A consequence of this interpretation is that the importing `WITH` simply becomes a standard `WITH` in a backwards-compatible way.


=== Examples

==== Import as parameter

.Import as parameter:
[source, cypher]
----
WITH 1 AS a, 2 AS b
CALL (a AS $a) { // a made invisible by alias, b by omission
WITH 1 AS foo, count(*) AS c
RETURN $a AS stillInScope
}
RETURN a, b
----


==== Import as variable

.Import as variable:
[source, cypher]
----
WITH 1 AS a, 2 AS b
CALL (a AS a) { // b made invisible by omission
WITH 1 AS foo, count(*) AS c
RETURN $a AS stillInScope
}
RETURN a, b
----

.Import as variable using syntactic sugar:
[source, cypher]
----
WITH 1 AS a, 2 AS b
CALL (a) { // b made invisible by omission
WITH 1 AS foo, count(*) AS c
RETURN $a AS stillInScope
}
RETURN a, b
----


=== Interaction with existing features

The importing `WITH` definition would lose its meaning and simply become a standard `WITH`.


=== Alternatives


==== Omitting signature

Omitting the signature could instead be defined as importing _no_ variables to the subquery, thus declaring the subquery _uncorrelated_.
That is, the input binding table is the unit table and the input parameters are the parameters of the superquery.

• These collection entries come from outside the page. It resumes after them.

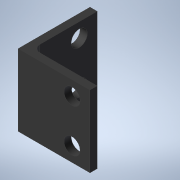
# Autodesk Inventor part: CONTROL_MONTEER
Saved by Autodesk Inventor 2020 (Build 240168000, 168)
## iProperties
Created: 2020-06-03
Part Number: CONTROL_MONTEER
Material: Generic
Document SubType Name: Modeling
Designer: Gebruiker
Density: 1 g/cm^3
Appearance: Default
Author: Gebruiker
Autodesk Inventor part; units mm, degrees
ref_plane "YZ Plane" through (0, 0, 0) normal (1, 0, 0) x (0, 1, 0)
ref_plane "XZ Plane" through (0, 0, 0) normal (0, 1, 0) x (-1, 0, 0)
ref_plane "XY Plane" through (0, 0, 0) normal (0, 0, 1) x (1, 0, 0)
sketch "Sketch1" plane through (0, 0, 0) normal (0, 0, 1) x (1, 0, 0)
  line L0 (-10, 10) -> (10, 10)
  line L1 (10, 10) -> (10, -10)
  line L2 (10, -10) -> (-10, -10)
  line L3 (-10, -10) -> (-10, 10)
  line L4 (-10, 10) -> (10, -10) construction
  line L5 (10, 10) -> (-10, -10) construction
  point P0 (0, 0)
  dimension "d0" = 20
  dimension "d1" = 20
  constraints: 12 end point, 2 midpoint, 2 parallel, 1 horizontal, 1 perpendicular
  measures "d0" distance of L1.end L2.end
  measures "d1" distance of L0.end L1.end
extrude "Extrusion1" add sketch "Sketch1" against normal blind 2
sketch "Sketch2" plane through (-10, 10, 0) normal (0, 1, 0) x (1, 0, 0)
  line L0 (20, 0) -> (0, 0) projected
  line L1 (0, 0) -> (2, 0)
  line L2 (2, 0) -> (2, 20)
  line L3 (2, 20) -> (0, 20)
  line L4 (0, 20) -> (0, 0)
  point P0 (10, 0)
  point P1 (2, 0)
  dimension "d4" = 2
  dimension "d5" = 20
  constraints: 8 end point, 2 parallel, 1 horizontal, 1 perpendicular
  measures "d4" distance of L3.end L2.end
  measures "d5" distance of L2.end L1.end
extrude "Extrusion2" add sketch "Sketch2" against normal blind 20
fillet "Fillet1" radius 2 1 edges at (-8, 0, -2)
sketch "Sketch4" plane through (0, 0, -2) normal (0, 0, -1) x (-1, 0, 0)
  circle A0 centre (-5, -6) radius 2.25
  circle A1 centre (-5, 6) radius 2.25
  line L0 (-10, -10) -> (6, -10) projected
  line L1 (6, 10) -> (-10, 10) projected
  line L2 (-10, 10) -> (-10, -10) projected
  point P0 (0, 0)
  point P1 (10, -10)
  dimension "d10" = 4.5
  dimension "d11" = 4.5
  dimension "d12" = 4
  dimension "d13" = 4
  dimension "d15" = 5
  dimension "d16" = 5
  dimension "d33" = 12
  constraints: 2 centre point
  measures "d10" diameter of A0
  measures "d11" diameter of A1
  measures "d12" distance from line of A0.centre L0
  measures "d13" distance from line of L1 A1.centre
  measures "d15" distance from line of L2 A1.centre
  measures "d16" distance from line of L2 A0.centre
  measures "d33" distance of A1.centre A0.centre
extrude "Extrusion3" cut sketch "Sketch4" against normal blind 2
sketch "Sketch5" plane through (-8, -10, -20) normal (1, 0, 0) x (0, 0, -1)
  circle A0 centre (-5, 4) radius 2.25
  circle A1 centre (-5, 16) radius 2.25
  line L0 (0, 0) -> (-16, 0) projected
  line L1 (-16, 20) -> (0, 20) projected
  line L2 (0, 20) -> (0, 0) projected
  point P0 (-20, 10)
  dimension "d19" = 4.5
  dimension "d20" = 4.5
  dimension "d21" = 4
  dimension "d23" = 5
  dimension "d24" = 5
  dimension "d38" = 4
  constraints: 2 centre point
  measures "d19" diameter of A0
  measures "d20" diameter of A1
  measures "d21" distance from line of A0.centre L0
  measures "d23" distance from line of L2 A1.centre
  measures "d24" distance from line of L2 A0.centre
  measures "d38" distance from line of L1 A1.centre
extrude "Extrusion4" cut sketch "Sketch5" against normal blind 2
body "Solid1"
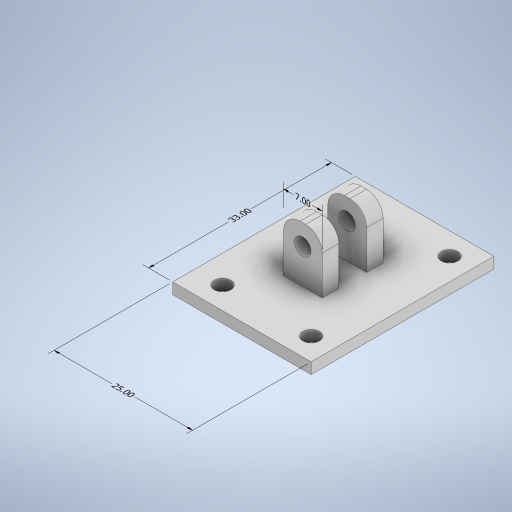
# Autodesk Inventor part: CamBracket
Saved by Autodesk Inventor 2024 (Build 280153000, 153)
## iProperties
Created: 2023-05-15
Part Number: CamBracket
Material: Generic
Document SubType Name: Modeling
Designer: User
Density: 1 g/cm^3
Appearance: Default
Author: User
Autodesk Inventor part; units mm, degrees
ref_plane "YZ Plane" through (0, 0, 0) normal (1, 0, 0) x (0, 1, 0)
ref_plane "XZ Plane" through (0, 0, 0) normal (0, 1, 0) x (-1, 0, 0)
ref_plane "XY Plane" through (0, 0, 0) normal (0, 0, 1) x (1, 0, 0)
sketch "Sketch3" plane through (0, 0, 0) normal (0, 1, 0) x (-1, 0, 0)
  line L0 (0, 0) -> (25, 0)
  line L1 (25, 0) -> (25, -33)
  line L2 (25, -33) -> (0, -33)
  line L3 (0, -33) -> (0, 0)
  dimension "d6" = 25
  dimension "d7" = 33
  constraints: 8 end point, 2 parallel, 1 horizontal, 1 perpendicular
  measures "d6" distance of L1.end L2.end
  measures "d7" distance of L0.end L1.end
extrude "Extrusion2" add sketch "Sketch3" along normal blind 2
sketch "Sketch4" plane through (0, 2, 0) normal (0, 1, 0) x (1, 0, 0)
  circle A0 centre (-4, 4) radius 1.5
  line L0 (0, 0) -> (0, 33) projected
  line L1 (-25, 0) -> (0, 0) projected
  circle A1 centre (-4, 29) radius 1.5
  line L2 (0, 33) -> (-25, 33) projected
  circle A2 centre (-20, 4) radius 1.5
  line L3 (-25, 33) -> (-25, 0) projected
  circle A3 centre (-20, 29) radius 1.5
  dimension "d16" = 3
  dimension "d17" = 4
  dimension "d18" = 4
  dimension "d19" = 3
  dimension "d20" = 4
  dimension "d21" = 4
  dimension "d22" = 3
  dimension "d23" = 16
  dimension "d24" = 4
  dimension "d25" = 5
  dimension "d26" = 3
  dimension "d27" = 4
  dimension "d28" = 16
  dimension "d29" = 25
  constraints: 4 centre point
  measures "d16" diameter of A0
  measures "d17" distance from line of L0 A0.centre
  measures "d18" distance from line of L1 A0.centre
  measures "d19" diameter of A1
  measures "d20" distance from line of L0 A1.centre
  measures "d21" distance from line of L2 A1.centre
  measures "d22" diameter of A2
  measures "d23" distance of A0.centre A2.centre
  measures "d24" distance from line of L1 A2.centre
  measures "d25" distance from line of L3 A2.centre
  measures "d26" diameter of A3
  measures "d27" distance from line of L2 A3.centre
  measures "d28" distance of A1.centre A3.centre
  measures "d29" distance of A1.centre A0.centre
extrude "Extrusion3" cut sketch "Sketch4" against normal blind 2 contours A0 | A1 | A2 | A3
sketch "Sketch5" plane through (0, 2, 0) normal (0, 1, 0) x (1, 0, 0)
  line L0 (-16, 11) -> (-9, 11)
  line L1 (-9, 11) -> (-9, 14)
  line L2 (-9, 14) -> (-16, 14)
  line L3 (-16, 14) -> (-16, 11)
  line L4 (-25, 33) -> (-25, 0) projected
  line L5 (0, 0) -> (0, 33) projected
  line L6 (-25, 0) -> (0, 0) projected
  line L7 (0, 33) -> (-25, 33) projected
  circle A0 centre (-4, 29) radius 1.5 projected
  circle A1 centre (-20, 29) radius 1.5 projected
  circle A2 centre (-4, 4) radius 1.5 projected
  circle A3 centre (-20, 4) radius 1.5 projected
  line L8 (0, 33) -> (-25, 33) projected
  line L9 (-25, 33) -> (-25, 0) projected
  line L10 (-25, 0) -> (0, 0) projected
  line L11 (0, 0) -> (0, 33) projected
  line L12 (-16, 19) -> (-9, 19)
  line L13 (-9, 19) -> (-9, 22)
  line L14 (-9, 22) -> (-16, 22)
  line L15 (-16, 22) -> (-16, 19)
  dimension "d32" = 7
  dimension "d36" = 11
  dimension "d37" = 3
  dimension "d39" = 7
  dimension "d40" = 3
  dimension "d41" = 11
  dimension "d42" = 9
  dimension "d43" = 9
  constraints: 16 end point, 4 parallel, 2 horizontal, 2 perpendicular
  measures "d32" distance of L0.start L0.end
  measures "d36" distance between parallel lines of L6 L0
  measures "d37" distance of L2.end L0.start
  measures "d39" distance of L14.end L13.end
  measures "d40" distance of L13.end L12.end
  measures "d41" distance between parallel lines of L8 L14
  measures "d42" distance between parallel lines of L4 L3
  measures "d43" distance between parallel lines of L4 L15
extrude "Extrusion4" add sketch "Sketch5" along normal blind 10 contours L3 L2 L1 L0 | L15 L14 L13 L12
sketch "Sketch6" plane through (-16, 2, -11) normal (0, 0, 1) x (1, 0, 0)
  circle A0 centre (3.5, 6.2876) radius 1.5
  line L0 (0, 0) -> (0, 10) projected
  line L1 (7, 0) -> (7, 10) projected
  point P0 (16, -2)
  dimension "d46" = 3
  dimension "d47" = 3.5
  dimension "d51" = 3.5
  constraints: 1 centre point
  measures "d46" diameter of A0
  measures "d47" distance from line of L0 A0.centre
  measures "d51" distance from line of L1 A0.centre
extrude "Extrusion5" cut sketch "Sketch6" against normal blind 13.5
fillet "Fillet1" radius 3 4 edges at (-9, 12, -20.5) (-9, 12, -12.5) (-16, 12, -12.5) (-16, 12, -20.5)
body "Solid2"

.Omitted signature imports nothing:
[source, cypher]
----
WITH 1 AS a, 2 AS b
CALL {
RETURN a, $b // semantic error!! a, $b not in scope
}
RETURN a, b
----


==== Giving syntax variants semantic difference

The syntactic variation between importing as variable and importing as parameter could be given a semantic variation.
One idea could be to interpret importing variables as per-table semantics and importing parameters as per-row semantics.

.Parameters:
* uses parameter syntax
* are constant and visible throughout subquery
* are not part of subquery binding table

.Import as parameter:
[source, cypher]
----
WITH 1 AS a, 2 AS b
CALL (a AS $a) { // calls the subquery once per row with $a constant per call
WITH 1 AS foo, count(*) AS c
RETURN $a AS stillInScope
}
RETURN a, b
----

'''

.Variables
* uses variable syntax
* may vary by row and may go out of scope
* are part of the subquery binding table

.Import as variable:
[source, cypher]
----
// query parameters: $x
WITH 1 AS a, 2 AS b
CALL (a AS a) { // calls the subquery once with an input binding table of a which varies per row
WITH 1 AS foo, count(*) AS c // a falls out of scope
RETURN foo, c, $x // only superquery parameters accessible
}
RETURN a, b, foo, c
----

The semantics given via import as variable are drastically different as this indicates calling the subquery only once.
The outer binding table is column-pruned as per the signature (mentioned elements are kept) and the resulting table is passed as input to the subquery.
This operation can be interpreted as a fork in the query execution where the subquery result is eventually merged via a join or cross-product to the superquery binding table in its shape at the point of forking.


==== Using a single syntactic variant

Rather than offering two ways of doing the same thing, we could settle for just one of the two syntactic options.
This would be supportive of the idea of offering extended semantics in the future, where we reserve a syntax for that.